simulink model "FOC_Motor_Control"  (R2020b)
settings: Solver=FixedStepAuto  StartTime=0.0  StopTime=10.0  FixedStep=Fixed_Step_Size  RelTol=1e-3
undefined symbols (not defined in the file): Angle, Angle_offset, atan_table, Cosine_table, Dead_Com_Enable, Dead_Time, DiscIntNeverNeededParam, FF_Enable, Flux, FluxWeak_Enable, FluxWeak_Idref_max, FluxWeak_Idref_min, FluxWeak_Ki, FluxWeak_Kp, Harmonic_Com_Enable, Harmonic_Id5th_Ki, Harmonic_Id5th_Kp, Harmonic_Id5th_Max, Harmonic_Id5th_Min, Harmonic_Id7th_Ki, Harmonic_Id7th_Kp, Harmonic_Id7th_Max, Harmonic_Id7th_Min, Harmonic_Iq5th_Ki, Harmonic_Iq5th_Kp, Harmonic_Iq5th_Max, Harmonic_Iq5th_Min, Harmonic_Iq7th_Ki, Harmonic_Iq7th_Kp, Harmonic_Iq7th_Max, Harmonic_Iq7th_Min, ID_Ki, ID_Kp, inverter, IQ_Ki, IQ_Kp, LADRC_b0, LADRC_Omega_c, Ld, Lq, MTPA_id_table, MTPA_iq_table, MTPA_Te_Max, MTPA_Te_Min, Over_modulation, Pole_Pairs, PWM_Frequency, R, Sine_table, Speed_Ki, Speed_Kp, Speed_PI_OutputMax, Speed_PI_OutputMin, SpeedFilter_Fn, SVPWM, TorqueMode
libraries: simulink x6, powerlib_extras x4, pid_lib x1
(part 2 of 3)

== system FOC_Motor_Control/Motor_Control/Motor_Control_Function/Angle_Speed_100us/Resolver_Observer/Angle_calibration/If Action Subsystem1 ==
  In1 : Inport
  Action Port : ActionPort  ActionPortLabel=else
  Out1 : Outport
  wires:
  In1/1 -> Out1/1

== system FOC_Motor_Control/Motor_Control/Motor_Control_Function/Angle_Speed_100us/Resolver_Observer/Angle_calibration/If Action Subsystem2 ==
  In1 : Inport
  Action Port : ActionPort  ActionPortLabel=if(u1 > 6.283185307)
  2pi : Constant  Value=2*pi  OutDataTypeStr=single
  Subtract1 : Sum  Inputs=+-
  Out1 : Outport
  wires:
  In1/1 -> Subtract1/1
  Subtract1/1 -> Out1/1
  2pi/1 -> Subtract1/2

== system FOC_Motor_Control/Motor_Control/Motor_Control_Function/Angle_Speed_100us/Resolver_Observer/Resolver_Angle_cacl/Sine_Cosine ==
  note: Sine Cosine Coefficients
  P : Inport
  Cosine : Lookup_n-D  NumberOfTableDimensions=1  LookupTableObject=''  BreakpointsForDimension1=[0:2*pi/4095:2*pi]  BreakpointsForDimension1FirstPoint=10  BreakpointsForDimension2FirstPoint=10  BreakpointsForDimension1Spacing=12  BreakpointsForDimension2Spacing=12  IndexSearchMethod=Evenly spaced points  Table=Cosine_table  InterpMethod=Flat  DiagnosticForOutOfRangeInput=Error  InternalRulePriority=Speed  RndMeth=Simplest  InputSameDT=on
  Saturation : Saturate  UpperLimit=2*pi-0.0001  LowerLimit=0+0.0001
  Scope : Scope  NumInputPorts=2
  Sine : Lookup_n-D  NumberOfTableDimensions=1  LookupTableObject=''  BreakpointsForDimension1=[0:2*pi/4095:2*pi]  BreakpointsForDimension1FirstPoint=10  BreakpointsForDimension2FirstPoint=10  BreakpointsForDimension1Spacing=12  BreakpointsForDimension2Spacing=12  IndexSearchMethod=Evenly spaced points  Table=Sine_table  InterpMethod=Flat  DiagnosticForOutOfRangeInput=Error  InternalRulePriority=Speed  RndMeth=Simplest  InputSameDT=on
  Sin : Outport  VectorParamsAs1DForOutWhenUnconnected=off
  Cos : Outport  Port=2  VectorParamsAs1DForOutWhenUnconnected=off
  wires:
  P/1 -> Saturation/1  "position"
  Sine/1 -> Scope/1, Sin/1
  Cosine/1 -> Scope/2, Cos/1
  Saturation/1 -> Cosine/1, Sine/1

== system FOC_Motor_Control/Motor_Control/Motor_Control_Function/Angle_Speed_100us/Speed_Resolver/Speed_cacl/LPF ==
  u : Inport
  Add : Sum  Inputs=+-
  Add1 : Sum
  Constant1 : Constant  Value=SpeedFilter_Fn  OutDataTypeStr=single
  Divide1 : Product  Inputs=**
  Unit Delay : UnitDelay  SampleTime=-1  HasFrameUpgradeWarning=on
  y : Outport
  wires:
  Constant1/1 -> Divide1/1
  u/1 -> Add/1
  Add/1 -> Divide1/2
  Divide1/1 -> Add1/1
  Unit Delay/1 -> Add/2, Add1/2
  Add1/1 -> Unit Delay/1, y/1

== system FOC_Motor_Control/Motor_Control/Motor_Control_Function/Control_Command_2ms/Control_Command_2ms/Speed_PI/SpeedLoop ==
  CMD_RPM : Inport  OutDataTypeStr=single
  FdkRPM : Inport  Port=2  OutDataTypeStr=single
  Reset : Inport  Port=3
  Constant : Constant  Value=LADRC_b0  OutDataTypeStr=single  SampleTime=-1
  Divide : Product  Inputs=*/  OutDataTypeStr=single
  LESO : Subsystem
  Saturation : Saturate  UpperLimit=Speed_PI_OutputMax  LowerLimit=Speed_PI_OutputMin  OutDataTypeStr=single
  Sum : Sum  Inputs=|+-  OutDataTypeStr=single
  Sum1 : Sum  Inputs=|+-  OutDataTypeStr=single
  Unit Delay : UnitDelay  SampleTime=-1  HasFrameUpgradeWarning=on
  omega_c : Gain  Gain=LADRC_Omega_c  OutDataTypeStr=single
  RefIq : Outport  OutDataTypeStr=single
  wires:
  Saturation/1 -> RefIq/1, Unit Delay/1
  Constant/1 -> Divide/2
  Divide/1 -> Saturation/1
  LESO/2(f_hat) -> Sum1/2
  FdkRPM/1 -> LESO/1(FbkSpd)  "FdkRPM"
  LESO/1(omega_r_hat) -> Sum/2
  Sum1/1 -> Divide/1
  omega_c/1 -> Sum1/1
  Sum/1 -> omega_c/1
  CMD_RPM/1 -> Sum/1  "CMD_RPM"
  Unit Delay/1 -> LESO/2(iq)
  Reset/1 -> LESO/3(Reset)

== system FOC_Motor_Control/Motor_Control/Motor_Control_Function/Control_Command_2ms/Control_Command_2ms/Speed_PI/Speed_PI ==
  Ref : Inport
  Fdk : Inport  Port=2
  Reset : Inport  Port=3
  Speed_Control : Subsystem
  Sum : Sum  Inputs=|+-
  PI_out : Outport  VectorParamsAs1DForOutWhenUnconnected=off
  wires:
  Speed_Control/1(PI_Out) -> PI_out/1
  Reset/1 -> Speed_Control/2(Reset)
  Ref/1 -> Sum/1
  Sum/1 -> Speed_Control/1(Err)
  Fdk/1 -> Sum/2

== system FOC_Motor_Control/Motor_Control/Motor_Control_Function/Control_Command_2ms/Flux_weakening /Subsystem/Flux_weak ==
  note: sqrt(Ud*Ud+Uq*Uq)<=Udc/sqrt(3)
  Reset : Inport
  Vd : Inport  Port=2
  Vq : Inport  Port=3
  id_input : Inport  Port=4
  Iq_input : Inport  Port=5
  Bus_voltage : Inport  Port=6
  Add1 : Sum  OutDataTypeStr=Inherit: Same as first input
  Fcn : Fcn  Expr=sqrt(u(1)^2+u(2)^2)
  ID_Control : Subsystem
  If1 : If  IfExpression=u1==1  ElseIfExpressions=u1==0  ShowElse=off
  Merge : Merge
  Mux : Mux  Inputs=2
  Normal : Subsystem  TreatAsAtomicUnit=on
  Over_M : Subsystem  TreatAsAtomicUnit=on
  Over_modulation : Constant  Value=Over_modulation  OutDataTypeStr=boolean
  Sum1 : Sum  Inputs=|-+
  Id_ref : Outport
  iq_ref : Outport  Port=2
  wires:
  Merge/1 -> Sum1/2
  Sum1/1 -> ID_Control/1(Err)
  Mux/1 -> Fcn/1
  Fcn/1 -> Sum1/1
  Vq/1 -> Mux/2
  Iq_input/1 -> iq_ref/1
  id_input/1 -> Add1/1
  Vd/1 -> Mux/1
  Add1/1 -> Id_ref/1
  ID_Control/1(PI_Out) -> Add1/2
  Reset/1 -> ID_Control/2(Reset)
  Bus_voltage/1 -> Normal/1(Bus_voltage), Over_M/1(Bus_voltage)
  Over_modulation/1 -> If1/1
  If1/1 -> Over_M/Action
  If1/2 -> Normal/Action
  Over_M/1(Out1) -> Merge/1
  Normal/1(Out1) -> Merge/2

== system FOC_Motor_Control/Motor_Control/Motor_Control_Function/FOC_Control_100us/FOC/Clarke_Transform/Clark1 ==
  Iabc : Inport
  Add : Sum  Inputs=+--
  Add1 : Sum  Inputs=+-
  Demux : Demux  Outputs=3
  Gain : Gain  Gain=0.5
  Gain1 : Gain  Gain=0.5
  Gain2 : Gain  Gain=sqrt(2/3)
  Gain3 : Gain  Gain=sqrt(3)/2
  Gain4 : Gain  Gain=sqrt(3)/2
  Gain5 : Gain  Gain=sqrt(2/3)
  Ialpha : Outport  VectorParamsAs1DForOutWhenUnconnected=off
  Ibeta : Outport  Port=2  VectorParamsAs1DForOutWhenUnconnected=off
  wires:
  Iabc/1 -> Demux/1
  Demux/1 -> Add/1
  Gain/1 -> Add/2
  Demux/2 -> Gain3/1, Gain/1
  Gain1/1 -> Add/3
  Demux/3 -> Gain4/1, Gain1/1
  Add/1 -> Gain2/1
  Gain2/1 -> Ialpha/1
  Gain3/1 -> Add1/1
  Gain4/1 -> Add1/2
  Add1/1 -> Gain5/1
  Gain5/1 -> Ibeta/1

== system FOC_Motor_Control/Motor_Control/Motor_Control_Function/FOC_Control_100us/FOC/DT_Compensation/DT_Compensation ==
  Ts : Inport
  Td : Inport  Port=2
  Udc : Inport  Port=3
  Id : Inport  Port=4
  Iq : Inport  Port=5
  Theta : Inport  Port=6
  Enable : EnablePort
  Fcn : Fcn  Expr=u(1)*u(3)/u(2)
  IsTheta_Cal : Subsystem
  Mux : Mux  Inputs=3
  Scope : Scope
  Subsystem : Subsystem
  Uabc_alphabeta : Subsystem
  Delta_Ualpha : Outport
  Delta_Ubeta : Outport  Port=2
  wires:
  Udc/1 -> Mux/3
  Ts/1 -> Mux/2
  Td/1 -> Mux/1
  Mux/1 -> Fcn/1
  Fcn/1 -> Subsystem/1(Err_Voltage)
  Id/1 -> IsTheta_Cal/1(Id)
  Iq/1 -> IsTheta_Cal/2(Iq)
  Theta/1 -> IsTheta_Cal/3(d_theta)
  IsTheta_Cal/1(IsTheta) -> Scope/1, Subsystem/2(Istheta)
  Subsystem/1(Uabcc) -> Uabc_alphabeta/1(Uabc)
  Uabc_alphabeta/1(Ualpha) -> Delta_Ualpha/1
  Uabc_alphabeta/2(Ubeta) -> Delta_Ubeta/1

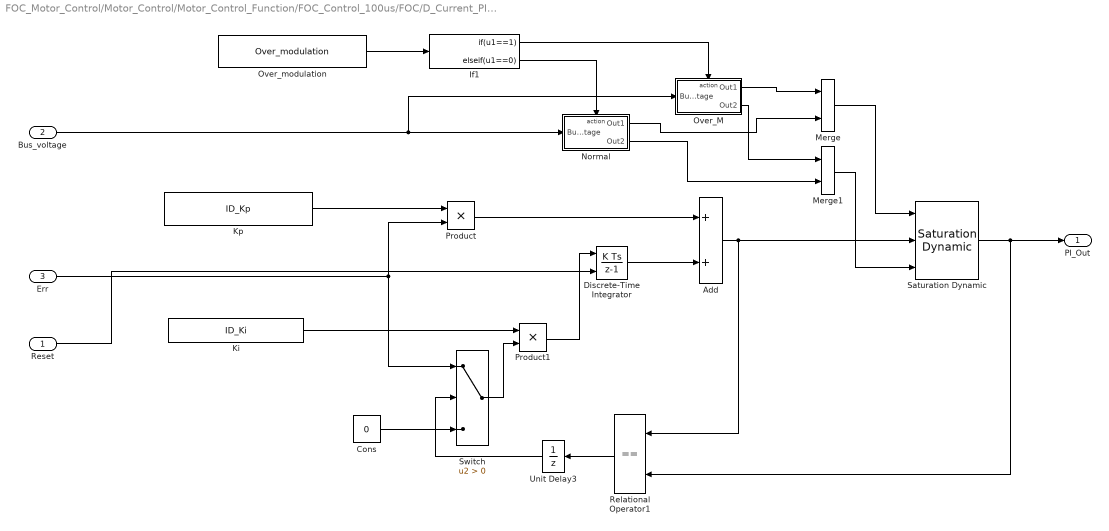
== system FOC_Motor_Control/Motor_Control/Motor_Control_Function/FOC_Control_100us/FOC/D_Current_PI/ID_Control ==
  Reset : Inport
  Bus_voltage : Inport  Port=2
  Err : Inport  Port=3
  Add : Sum
  Cons : Constant  Value=0  OutDataTypeStr=single
  Discrete-Time Integrator : DiscreteIntegrator  ExternalReset=level  SampleTime=-1  ICPrevOutput=DiscIntNeverNeededParam  ICPrevScaledInput=DiscIntNeverNeededParam
  If1 : If  IfExpression=u1==1  ElseIfExpressions=u1==0  ShowElse=off
  Ki : Constant  Value=ID_Ki  OutDataTypeStr=single
  Kp : Constant  Value=ID_Kp  OutDataTypeStr=single
  Merge : Merge
  Merge1 : Merge
  Normal : Subsystem  TreatAsAtomicUnit=on
  Over_M : Subsystem  TreatAsAtomicUnit=on
  Over_modulation : Constant  Value=Over_modulation  OutDataTypeStr=boolean
  Product : Product
  Product1 : Product
  Relational Operator1 : RelationalOperator  Operator===  OutDataTypeStr=boolean  RndMeth=Simplest
  Saturation Dynamic : simulink/Discontinuities/Saturation Dynamic  OutMin=[]  OutMax=[]  OutDataTypeStr=Inherit: Same as second input  OutDataType=fixdt(1, 16)  OutScaling=2^-10  DoSatur=off
  Switch : Switch  Criteria=u2 > Threshold
  Unit Delay3 : UnitDelay  SampleTime=-1  HasFrameUpgradeWarning=on
  PI_Out : Outport
  wires:
  Kp/1 -> Product/1
  Err/1 -> Product/2, Switch/1
  Switch/1 -> Product1/2
  Product1/1 -> Discrete-Time Integrator/1
  Product/1 -> Add/1
  Add/1 -> Saturation Dynamic/2, Relational Operator1/1
  Saturation Dynamic/1 -> Relational Operator1/2, PI_Out/1
  Cons/1 -> Switch/3
  Discrete-Time Integrator/1 -> Add/2
  Relational Operator1/1 -> Unit Delay3/1
  Ki/1 -> Product1/1
  Unit Delay3/1 -> Switch/2
  Reset/1 -> Discrete-Time Integrator/2
  Over_modulation/1 -> If1/1
  If1/2 -> Normal/Action
  If1/1 -> Over_M/Action
  Bus_voltage/1 -> Over_M/1(Bus_voltage), Normal/1(Bus_voltage)
  Over_M/1(Out1) -> Merge/1
  Normal/1(Out1) -> Merge/2
  Over_M/2(Out2) -> Merge1/1
  Normal/2(Out2) -> Merge1/2
  Merge/1 -> Saturation Dynamic/1
  Merge1/1 -> Saturation Dynamic/3

== system FOC_Motor_Control/Motor_Control/Motor_Control_Function/FOC_Control_100us/FOC/FeedForward/Subsystem ==
  note: Vd=id*Rs-we*Lq*iq
  note: Vq=we*Ld*id+iq*Rs+we*flux
  id : Inport
  iq : Inport  Port=2
  we : Inport  Port=3
  Enable : EnablePort
  Ld : Gain  Gain=Ld
  Lq : Gain  Gain=Lq
  Product1 : Product  RndMeth=Zero
  Product2 : Product  RndMeth=Zero
  Rs : Gain  Gain=Rs
  Rs1 : Gain  Gain=Rs
  Subtract1 : Sum  Inputs=+-
  Subtract2 : Sum
  Subtract3 : Sum
  flux : Gain  Gain=flux
  Vd : Outport
  Vq : Outport  Port=2
  wires:
  Subtract2/1 -> Subtract3/1
  Product2/1 -> Subtract2/2
  flux/1 -> Subtract3/2
  Subtract1/1 -> Vd/1
  Rs1/1 -> Subtract2/1
  Ld/1 -> Product2/2
  id/1 -> Rs/1, Product2/1
  iq/1 -> Rs1/1, Product1/2
  Lq/1 -> Product1/1
  Subtract3/1 -> Vq/1
  Rs/1 -> Subtract1/1
  we/1 -> Lq/1, Ld/1, flux/1
  Product1/1 -> Subtract1/2

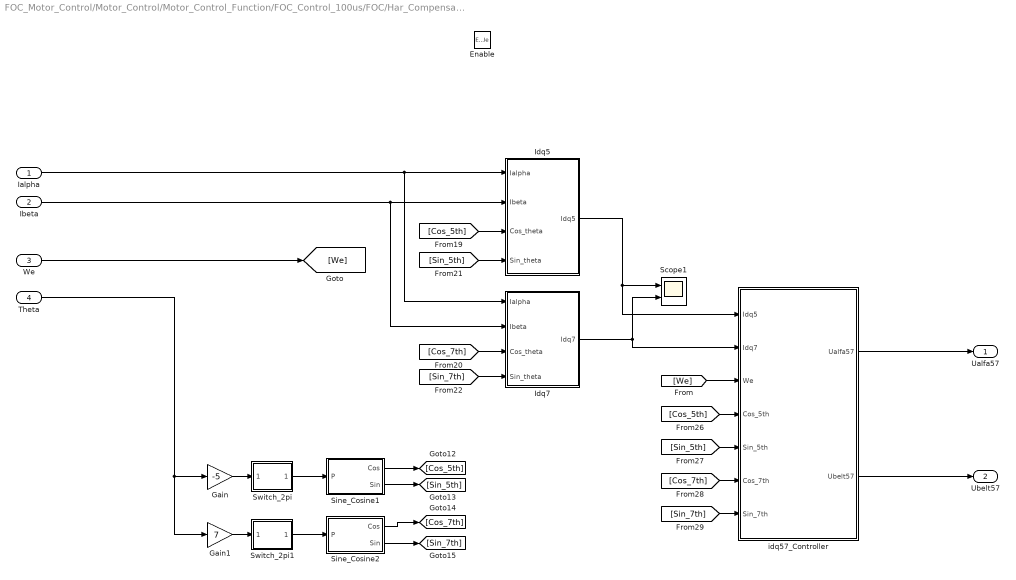
== system FOC_Motor_Control/Motor_Control/Motor_Control_Function/FOC_Control_100us/FOC/Har_Compensation/Har_Compensation ==
  Ialpha : Inport
  Ibeta : Inport  Port=2
  We : Inport  Port=3
  Theta : Inport  Port=4  OutMin=0  OutMax=2*pi
  Enable : EnablePort
  Gain : Gain  Gain=-5
  Gain1 : Gain  Gain=7
  Idq5 : Subsystem
  Idq7 : Subsystem
  Scope1 : Scope  NumInputPorts=2
  Sine_Cosine1 : Subsystem  TreatAsAtomicUnit=on
      settings: RTWSystemCode=Nonreusable function  RTWFcnNameOpts=Use subsystem name
  Sine_Cosine2 : Subsystem  TreatAsAtomicUnit=on
      settings: RTWSystemCode=Nonreusable function  RTWFcnNameOpts=Use subsystem name
  Switch_2pi : Subsystem
  Switch_2pi1 : Subsystem
  idq57_Controller : Subsystem
  Ualfa57 : Outport  VectorParamsAs1DForOutWhenUnconnected=off
  Ubelt57 : Outport  Port=2  VectorParamsAs1DForOutWhenUnconnected=off
  wires:
  idq57_Controller/2(Ubelt57) -> Ubelt57/1
  idq57_Controller/1(Ualfa57) -> Ualfa57/1
  [Cos_5th] -> Idq5/3(Cos_theta)
  [Sin_5th] -> Idq5/4(Sin_theta)
  [Cos_7th] -> idq57_Controller/6(Cos_7th)
  Switch_2pi/1(output) -> Sine_Cosine1/1(P)
  Sine_Cosine1/2(Sin) -> [Sin_5th]
  [Cos_7th] -> Idq7/3(Cos_theta)
  Sine_Cosine2/1(Cos) -> [Cos_7th]
  [Sin_7th] -> idq57_Controller/7(Sin_7th)
  [Sin_5th] -> idq57_Controller/5(Sin_5th)
  Ialpha/1 -> Idq7/1(Ialpha), Idq5/1(Ialpha)
  [Sin_7th] -> Idq7/4(Sin_theta)
  [Cos_5th] -> idq57_Controller/4(Cos_5th)
  Ibeta/1 -> Idq7/2(Ibeta), Idq5/2(Ibeta)
  Switch_2pi1/1(output) -> Sine_Cosine2/1(P)
  Gain1/1 -> Switch_2pi1/1(Input)
  Sine_Cosine2/2(Sin) -> [Sin_7th]
  Gain/1 -> Switch_2pi/1(Input)
  Idq5/1(Idq5) -> idq57_Controller/1(Idq5), Scope1/1
  Sine_Cosine1/1(Cos) -> [Cos_5th]
  Idq7/1(Idq7) -> Scope1/2, idq57_Controller/2(Idq7)
  Theta/1 -> Gain1/1, Gain/1
  We/1 -> [We]
  [We] -> idq57_Controller/3(We)

== system FOC_Motor_Control/Motor_Control/Motor_Control_Function/FOC_Control_100us/FOC/Inverse_Park_Transform/Harmonic_injection ==
  Input : Inport
  Gain2 : Gain  Gain=20
  Gain3 : Gain  Gain=-5
  Gain4 : Gain  Gain=20
  Gain5 : Gain  Gain=-5
  Gain6 : Gain  Gain=5
  Gain7 : Gain  Gain=7
  Gain8 : Gain  Gain=5
  Gain9 : Gain  Gain=7
  Sum3 : Sum  Inputs=|++
  Sum4 : Sum  Inputs=|++
  Trigonometric Function : Trigonometry  Operator=cos
  Trigonometric Function1 : Trigonometry
  Trigonometric Function2 : Trigonometry  Operator=cos
  Trigonometric Function3 : Trigonometry
  Out1 : Outport
  Out2 : Outport  Port=2
  wires:
  Trigonometric Function1/1 -> Gain4/1
  Trigonometric Function/1 -> Gain2/1
  Gain5/1 -> Trigonometric Function1/1
  Trigonometric Function2/1 -> Gain6/1
  Gain7/1 -> Trigonometric Function2/1
  Gain9/1 -> Trigonometric Function3/1
  Trigonometric Function3/1 -> Gain8/1
  Gain2/1 -> Sum3/1
  Gain3/1 -> Trigonometric Function/1
  Gain4/1 -> Sum4/1
  Gain6/1 -> Sum3/2
  Gain8/1 -> Sum4/2
  Sum3/1 -> Out1/1
  Sum4/1 -> Out2/1
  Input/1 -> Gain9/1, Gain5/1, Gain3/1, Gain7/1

:: The problem ::
Produce a word-for-word copy of everything above from the line holding "Unit Delay3/1 -> Switch/2" down to the line holding "Product2 : Product", with both of those lines kept.

:: Worked solution ::
  Unit Delay3/1 -> Switch/2
  Reset/1 -> Discrete-Time Integrator/2
  Over_modulation/1 -> If1/1
  If1/2 -> Normal/Action
  If1/1 -> Over_M/Action
  Bus_voltage/1 -> Over_M/1(Bus_voltage), Normal/1(Bus_voltage)
  Over_M/1(Out1) -> Merge/1
  Normal/1(Out1) -> Merge/2
  Over_M/2(Out2) -> Merge1/1
  Normal/2(Out2) -> Merge1/2
  Merge/1 -> Saturation Dynamic/1
  Merge1/1 -> Saturation Dynamic/3

== system FOC_Motor_Control/Motor_Control/Motor_Control_Function/FOC_Control_100us/FOC/FeedForward/Subsystem ==
  note: Vd=id*Rs-we*Lq*iq
  note: Vq=we*Ld*id+iq*Rs+we*flux
  id : Inport
  iq : Inport  Port=2
  we : Inport  Port=3
  Enable : EnablePort
  Ld : Gain  Gain=Ld
  Lq : Gain  Gain=Lq
  Product1 : Product  RndMeth=Zero
  Product2 : Product  RndMeth=Zero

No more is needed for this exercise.